Oh, I have. The difference between barn #1 and barn #2 is that a lot of things got straightened out at barn #1 before moving to barn #2. The feeding situation was not ideal at barn #1. That got semi-fixed, but the BO never fed enough hay for my liking, and my horse was in group turn-out (24/7) and often didn’t get to finish his feed that included necessary supplements. That changed at barn #2 where he was still on basically 24/7 turn-out (except when it was hellishly hot…and he had hay available pretty much free-choice in the stall and was fine with being in out of the heat and bugs (he has bug allergies and anhidrosis to add to the fun).
Barn #2 became self-care toward the end, and the only thing that changed for him was I stopped the ration balancer and replaced it with just a tiny bit of TC Sr. to mix his forage balancer and other supplements (he didn’t need forage balancer and ration balancer…overkill). He also started the Equioxx at barn #2.
The hay has been the same across all three barns. Same source and same type. I do feed more since taking over in self-care (barn #3 is self-care as well). The only change of feed at barn #3 is I took him off TC Sr. and replaced that with timothy pellets. He gets no soy, no MSM, no grain, no alfalfa. He eats timothy pellets, KIS Trace, extra magnesium, salt, a probiotic, and CocoSun oil plus 20ish pounds of hay a day when pasture is dormant (now decreasing as pasture is filling in). He’s out 24/7 with access to a nice shelter when he chooses. He has his pasture mate BFF and two buddies that share a fence line.
Current barn’s set-up is nearly identical to what he had at my place and I am 100% in charge of his care again. The machinery is the only trigger here, and that seems to be something he developed after leaving my farm (somewhere between boarding #1 and boarding #2).
Here’s something I wonder. Tell me I’m crazy if this seems way too woo-woo. At my place, he saw both of his best friends (10 years together since he was a yearling) buried by big machinery in the pasture. He dealt with the first okay because he still had the second gelding with him. He lost his sh*t when his last remaining buddy died and was buried.

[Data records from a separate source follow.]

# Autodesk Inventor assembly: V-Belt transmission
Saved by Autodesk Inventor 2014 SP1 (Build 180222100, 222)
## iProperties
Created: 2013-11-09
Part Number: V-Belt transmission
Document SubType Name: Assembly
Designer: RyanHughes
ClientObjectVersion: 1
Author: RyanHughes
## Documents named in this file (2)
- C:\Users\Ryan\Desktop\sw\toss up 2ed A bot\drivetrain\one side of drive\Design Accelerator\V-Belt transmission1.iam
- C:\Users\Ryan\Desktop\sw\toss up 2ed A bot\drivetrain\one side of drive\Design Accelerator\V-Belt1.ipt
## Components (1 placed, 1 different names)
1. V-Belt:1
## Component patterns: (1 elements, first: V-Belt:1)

Moved to barn #1 and while there, two horses died and were buried on the property during the two years we were there (one within weeks of moving him there).
No horses died/were buried at barn #2, but there was the deconstruction of the covered arena that he watched and was a little anxious about.
We get to our current barn, and about a month and a half in, two horses die during the same week and are buried in sight of my horse by the excavator.
I mean. Maybe he’s not smart enough to make the connections…but it seems like he’s witnessed a lot of dead horses being shoved around and buried by big machinery. Since December 2017, he’s seen six dead horses be “eaten” by heavy machinery.
Could that be fueling his anxiety? Or am I giving him way too much credit?
ETA: Oh, and his dam died before he was properly weaned, so I also wonder if he may have seen her buried. I’m not trying to “Black Beauty” this situation up, but I wonder if he’s dealt with losing and seeing machinery bury more horses (especially ones he’s close to) than the average horse.